EXERCISE DETAILS –
Please look for the string "color" below and report every line in which it occurs.

DATASET RECORDS –
· · · ·

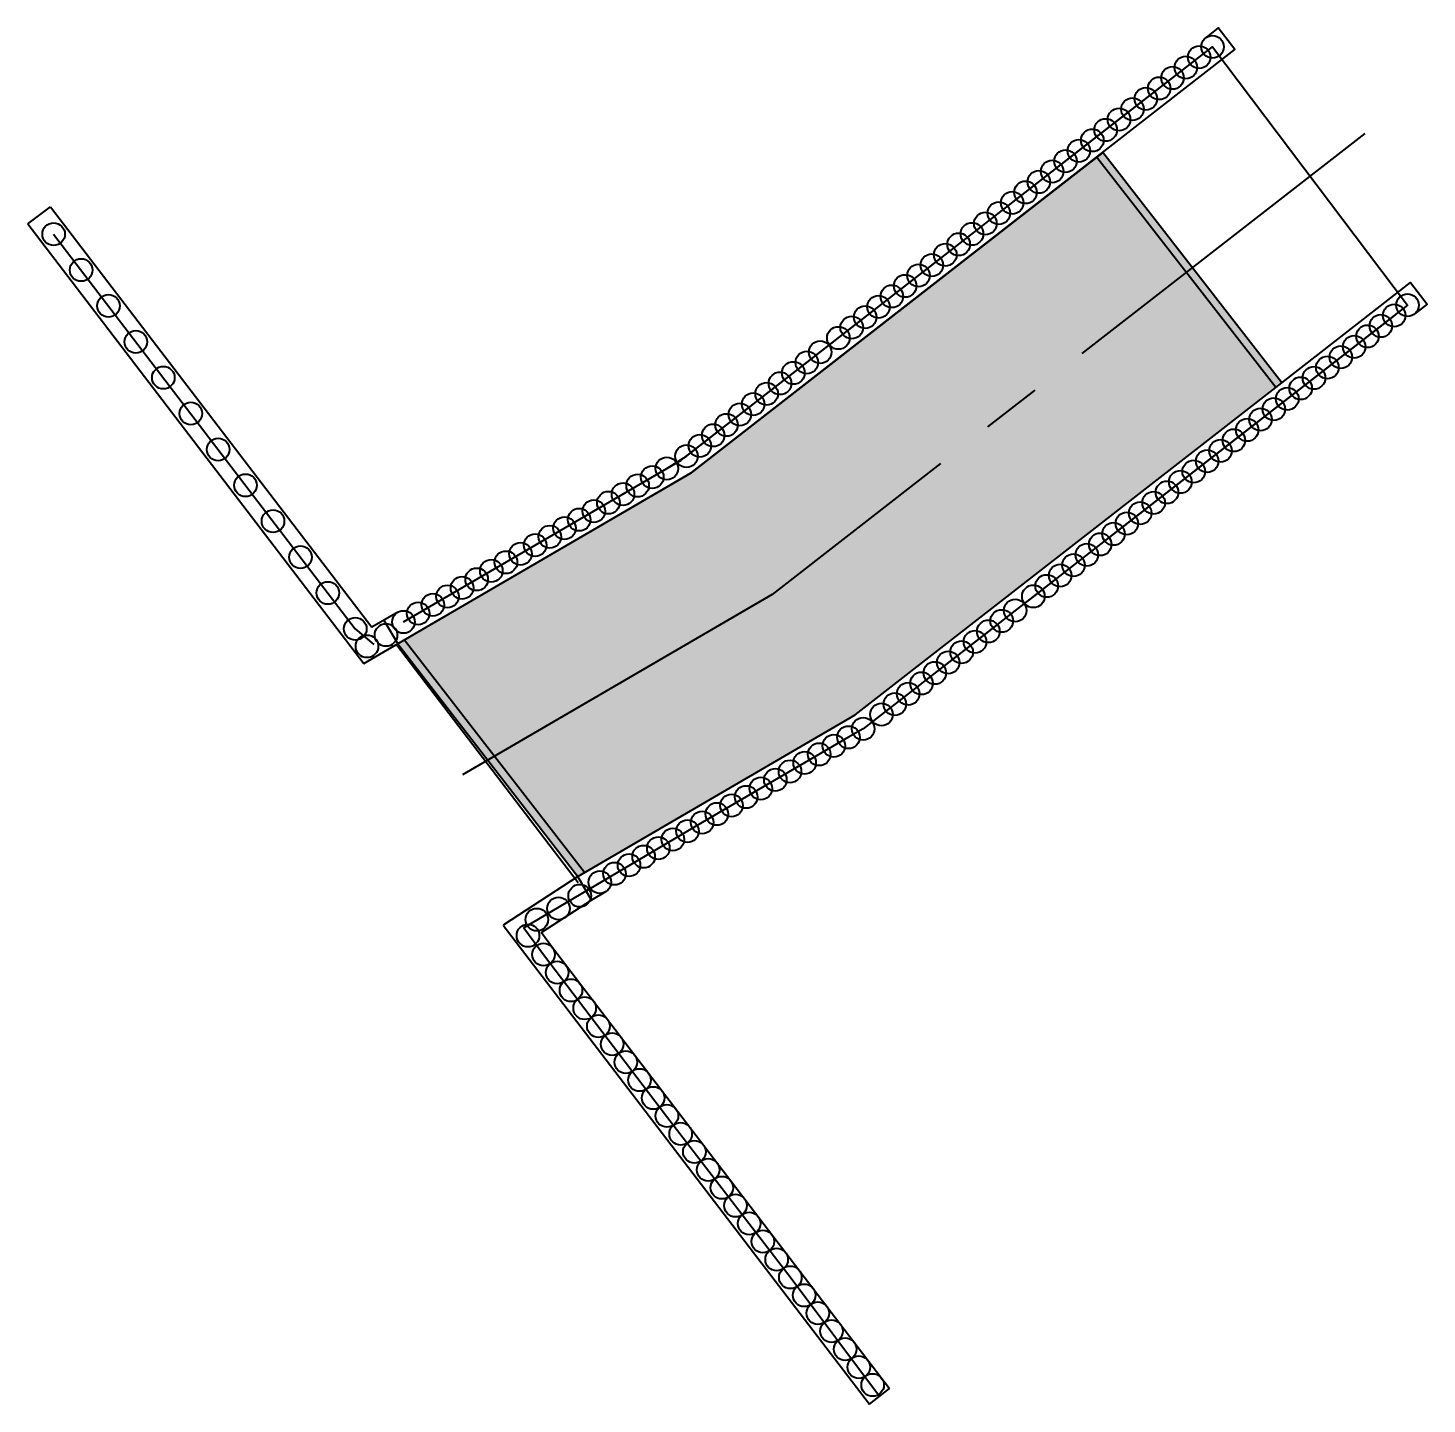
# Model space of a CAD drawing. Extents: x 10495 to 11837, y 8876 to 9625.
# Drawn here: x 10494.9 to 10569.3, y 9551.5 to 9624.6 of the extents above.
import ezdxf

# ---------------------------------------------------------------- set-up
doc = ezdxf.new("R2010")
doc.units = 0
doc.linetypes.add('CENTER2', pattern=[28.575, 19.05, -3.175, 3.175, -3.175])
doc.layers.add('OSI', color=3, linetype='CENTER2')

msp = doc.modelspace()

# ---------------------------------------------------------------- hatches: boundary and pattern name
at = {"lineweight": 40, "transparency": 33554508}
h = msp.add_hatch(dxfattribs=at)
h.set_pattern_fill('ANGLE', color=1, scale=0.001, angle=37.88742)
h.set_pattern_definition([(37.88742, (10570.2754016, 9610.949482), (-0.0042895719, 0.0055126943), [0.00508, -0.001905]), (127.88742, (10570.2754016, 9610.949482), (-0.0055126943, -0.0042895719), [0.00508, -0.001905])])
h.paths.add_polyline_path([(10552.026, 9617.982), (10530.151, 9600.962), (10514.554, 9591.877), (10524.133, 9579.51), (10538.865, 9588.091), (10561.55, 9605.743)])

# ---------------------------------------------------------------- linework, layer by layer
at = {"color": 1, "lineweight": 40}
for p, q in [((10551.711, 9617.737), (10561.231, 9605.504)), ((10494.906, 9614.191), (10496.098, 9615.102)), ((10567.547, 9609.342), (10539.293, 9587.357)), ((10524.478, 9579.711), (10514.899, 9592.078)), ((10520.169, 9576.925), (10539.628, 9551.473)), ((10522.783, 9575.728), (10540.7, 9552.293)), ((10539.628, 9551.473), (10540.7, 9552.293))]:
    msp.add_line(p, q, dxfattribs=at)
for points in [[(10512.761, 9590.833), (10516.284, 9592.885), (10530.151, 9600.962), (10559.053, 9623.449), (10558.168, 9624.6), (10557.526, 9624.1)], [(10514.864, 9593.033), (10529.629, 9601.633), (10557.863, 9623.602)], [(10514.864, 9593.033), (10521.863, 9597.11), (10528.863, 9601.186), (10529.901, 9601.844), (10537.004, 9607.371), (10538.685, 9608.679), (10545.078, 9613.653), (10552.181, 9619.18), (10557.863, 9623.602), (10568.226, 9609.87), (10567.516, 9609.318), (10560.413, 9603.791), (10553.31, 9598.264), (10548.338, 9594.395), (10547.367, 9593.639), (10545.946, 9592.534), (10540.264, 9588.112), (10539.293, 9587.357), (10538.516, 9586.904), (10530.739, 9582.374), (10521.252, 9576.771), (10522.306, 9575.364), (10528.839, 9566.763), (10535.466, 9558.155), (10540.164, 9551.883), (10540.164, 9551.883)], [(10496.098, 9615.102), (10513.184, 9592.749)], [(10494.906, 9614.191), (10512.761, 9590.833)], [(10496.269, 9613.643), (10512.301, 9592.669), (10513.293, 9591.831)], [(10525.597, 9578.685), (10524.862, 9578.257), (10524.133, 9579.51), (10538.866, 9588.091), (10561.546, 9605.749), (10568.38, 9611.067), (10569.26, 9609.915), (10568.626, 9609.421)], [(10514.562, 9593.551), (10514.562, 9593.551), (10513.184, 9592.749)], [(10513.827, 9593.123), (10514.554, 9591.877)], [(10514.489, 9591.828), (10524.145, 9579.196)], [(10524.133, 9579.51), (10520.169, 9576.925)], [(10524.862, 9578.257), (10522.198, 9576.533), (10522.783, 9575.728)]]:
    msp.add_lwpolyline(points, dxfattribs=at)
msp.add_lwpolyline([(10514.554, 9591.877), (10524.133, 9579.51), (10538.866, 9588.091), (10561.547, 9605.749), (10552.027, 9617.982), (10530.151, 9600.962)], close=True, dxfattribs=at)
for centre in [(10557.863, 9623.602), (10556.443, 9622.497), (10557.153, 9623.049), (10555.732, 9621.944), (10554.312, 9620.838), (10555.022, 9621.391), (10553.602, 9620.286), (10552.891, 9619.733), (10551.471, 9618.628), (10552.181, 9619.18), (10550.76, 9618.075), (10550.05, 9617.522), (10548.629, 9616.417), (10549.34, 9616.969), (10547.919, 9615.864), (10547.209, 9615.311), (10545.788, 9614.206), (10546.499, 9614.759), (10496.269, 9613.643), (10545.078, 9613.653), (10544.368, 9613.101), (10542.947, 9611.995), (10543.657, 9612.548), (10497.727, 9611.736), (10542.237, 9611.442), (10541.526, 9610.89), (10499.184, 9609.829), (10540.106, 9609.784), (10540.816, 9610.337), (10568.226, 9609.87), (10539.396, 9609.232), (10567.516, 9609.318), (10538.685, 9608.679), (10566.095, 9608.212), (10566.805, 9608.765), (10500.642, 9607.923), (10537.975, 9608.126), (10565.385, 9607.659), (10536.294, 9606.819), (10537.004, 9607.371), (10564.674, 9607.107), (10502.099, 9606.016), (10535.583, 9606.266), (10563.254, 9606.001), (10563.964, 9606.554), (10534.873, 9605.713), (10562.544, 9605.449), (10533.452, 9604.608), (10534.163, 9605.161), (10561.833, 9604.896), (10503.557, 9604.109), (10532.742, 9604.055), (10560.413, 9603.791), (10561.123, 9604.343), (10532.032, 9603.502), (10559.702, 9603.238), (10530.611, 9602.397), (10531.322, 9602.95), (10558.992, 9602.685), (10505.014, 9602.202), (10529.901, 9601.844), (10557.571, 9601.58), (10558.282, 9602.132), (10528.863, 9601.186), (10556.861, 9601.027), (10506.471, 9600.296), (10527.307, 9600.28), (10528.085, 9600.733), (10556.151, 9600.474), (10525.752, 9599.374), (10526.53, 9599.827), (10554.73, 9599.369), (10555.441, 9599.922), (10524.974, 9598.922), (10554.02, 9598.816), (10507.929, 9598.389), (10523.419, 9598.016), (10524.196, 9598.469), (10553.31, 9598.264), (10521.863, 9597.11), (10522.641, 9597.563), (10551.889, 9597.158), (10552.599, 9597.711), (10509.386, 9596.482), (10521.086, 9596.657), (10551.179, 9596.605), (10519.53, 9595.751), (10520.308, 9596.204), (10550.468, 9596.053), (10517.975, 9594.845), (10518.753, 9595.298), (10549.048, 9594.947), (10549.758, 9595.5), (10510.844, 9594.575), (10517.197, 9594.392), (10548.338, 9594.395), (10515.642, 9593.486), (10516.42, 9593.939), (10547.367, 9593.639), (10512.301, 9592.669), (10514.864, 9593.033), (10546.657, 9593.087), (10513.934, 9592.34), (10545.236, 9591.981), (10545.946, 9592.534), (10512.923, 9591.74), (10544.526, 9591.429), (10543.815, 9590.876), (10542.395, 9589.771), (10543.105, 9590.323), (10541.685, 9589.218), (10540.974, 9588.665), (10540.264, 9588.112), (10538.516, 9586.904), (10539.293, 9587.357), (10536.96, 9585.998), (10537.738, 9586.451), (10536.183, 9585.545), (10534.627, 9584.639), (10535.405, 9585.092), (10533.072, 9583.733), (10533.85, 9584.186), (10532.294, 9583.28), (10530.739, 9582.374), (10531.516, 9582.827), (10529.183, 9581.468), (10529.961, 9581.921), (10528.406, 9581.015), (10526.85, 9580.109), (10527.628, 9580.562), (10525.295, 9579.203), (10526.073, 9579.656), (10524.229, 9578.489), (10523.106, 9577.806), (10521.952, 9577.214), (10521.481, 9576.365), (10522.306, 9575.364), (10523.035, 9574.41), (10523.764, 9573.457), (10524.493, 9572.504), (10525.221, 9571.55), (10525.95, 9570.597), (10526.679, 9569.644), (10527.408, 9568.69), (10528.136, 9567.737), (10528.865, 9566.783), (10529.594, 9565.83), (10530.323, 9564.877), (10531.051, 9563.923), (10531.78, 9562.97), (10532.509, 9562.017), (10533.238, 9561.063), (10533.966, 9560.11), (10534.695, 9559.156), (10535.424, 9558.203), (10536.153, 9557.25), (10536.881, 9556.296), (10537.61, 9555.343), (10538.339, 9554.389), (10539.068, 9553.436), (10539.796, 9552.483)]:
    msp.add_circle(centre, 0.6, dxfattribs=at)
at = {"layer": 'OSI', "color": 1, "lineweight": 40}
msp.add_lwpolyline([(10565.952, 9618.998), (10534.462, 9594.495), (10517.078, 9584.37)], dxfattribs=at)

doc.saveas('drawing.dxf')

· · · ·

OUTPUT OF THE EXERCISE –
doc.layers.add('OSI', color=3, linetype='CENTER2')
h.set_pattern_fill('ANGLE', color=1, scale=0.001, angle=37.88742)
at = {"color": 1, "lineweight": 40}
at = {"layer": 'OSI', "color": 1, "lineweight": 40}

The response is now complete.